If you have a site that you want to enforce the use of ssl on, one way of doing this is to mark cookies as secure. The secure flag tells the user's browser to only send back the cookie over ssl (HTTPS) connections. This means that the browser will never send a cookie marked secure over a http connection.

This Is A Server Wide Setting

Warning: This setting will affect all sites on that cf instance on your server. This means that all sites must be using ssl as any site which is not will not be able to maintain state using cookies.

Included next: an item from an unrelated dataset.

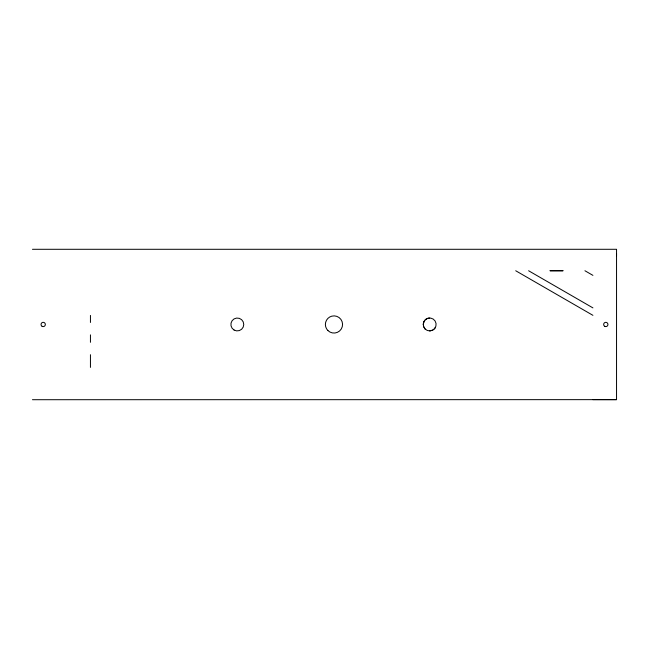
<?xml version="1.0" encoding="UTF-8"?>
<svg xmlns="http://www.w3.org/2000/svg" width="649" height="649" viewBox="0 0 649 649"><rect width="100%" height="100%" fill="white"/><g stroke="black" fill="none" stroke-linecap="round" stroke-linejoin="round"><path stroke-width="0.97" d="M90.446 367.407L90.446 354.711M90.446 322.472L90.446 315.398M616.542 255.738L616.55 253.516M423.237 324.468L424.105 321.247M434.238 329.027L435.26 327.696M425.127 319.908L426.466 318.886M432.899 330.049L429.679 330.917M428.007 318.245A6.441 6.441 0 0 1 435.901 326.139A6.441 6.441 0 0 1 425.119 329.027A6.441 6.441 0 0 1 428.007 318.245L429.687 318.026M32.45 249.297L616.55 249.289L616.542 399.646L32.45 399.711M616.485 399.646L592.853 399.63M584.936 270.755L592.918 275.363M528.611 270.755L592.918 307.886M515.72 270.755L592.918 315.325M425.119 329.027L423.456 326.139M90.446 334.868L90.446 342.315M562.975 270.755L550.092 270.755L562.975 270.755M604.73 326.333A2.15 2.15 0 0 0 607.951 324.476A2.15 2.15 0 0 0 604.73 322.61A2.15 2.15 0 0 0 604.73 326.333M42.112 326.333A2.15 2.15 0 0 0 45.341 324.468A2.15 2.15 0 0 0 42.112 322.61A2.15 2.15 0 0 0 42.112 326.333M234.102 330.049A6.441 6.441 0 0 0 243.764 324.468A6.441 6.441 0 0 0 234.102 318.894A6.441 6.441 0 0 0 234.102 330.049M327.899 330.544A8.591 8.591 0 0 0 342.274 326.69A8.591 8.591 0 0 0 331.753 316.168A8.591 8.591 0 0 0 327.899 330.544"/></g></svg>

I was caught by this recently when we setup a new site which did not require or possess an ssl cert onto a server that had originally been configured for ssl only.

A solution to this problem is to create a dedicated cf instance for ssl only websites and another for non ssl enforced websites.

Locate The Jrun-web.xml Config File

To set cookies secure in ColdFusion you need to edit the jrun-web.xml file. If you are using a multi instance setup then you will have one file per instance. Assuming the default install locations the file can be located here:

ColdFusion Standard

ColdFusion Enterprise

Setting The Secure Flag

To set the secure flag on session cookies locate the session-config section of the file and add or modify the cookie config section with the cookie-secure rule so that your config looks something like this.

<jrun-web-app>
      <session-config>
            <cookie-config>
                  <active>true</active>
                  <cookie-secure>true</cookie-secure>
            </cookie-config>
      </session-config>
</jrun-web-app>

Now restart ColdFusion to load the new configuration and test using something like the web developer plugin for firefox to inspect the cookies sent.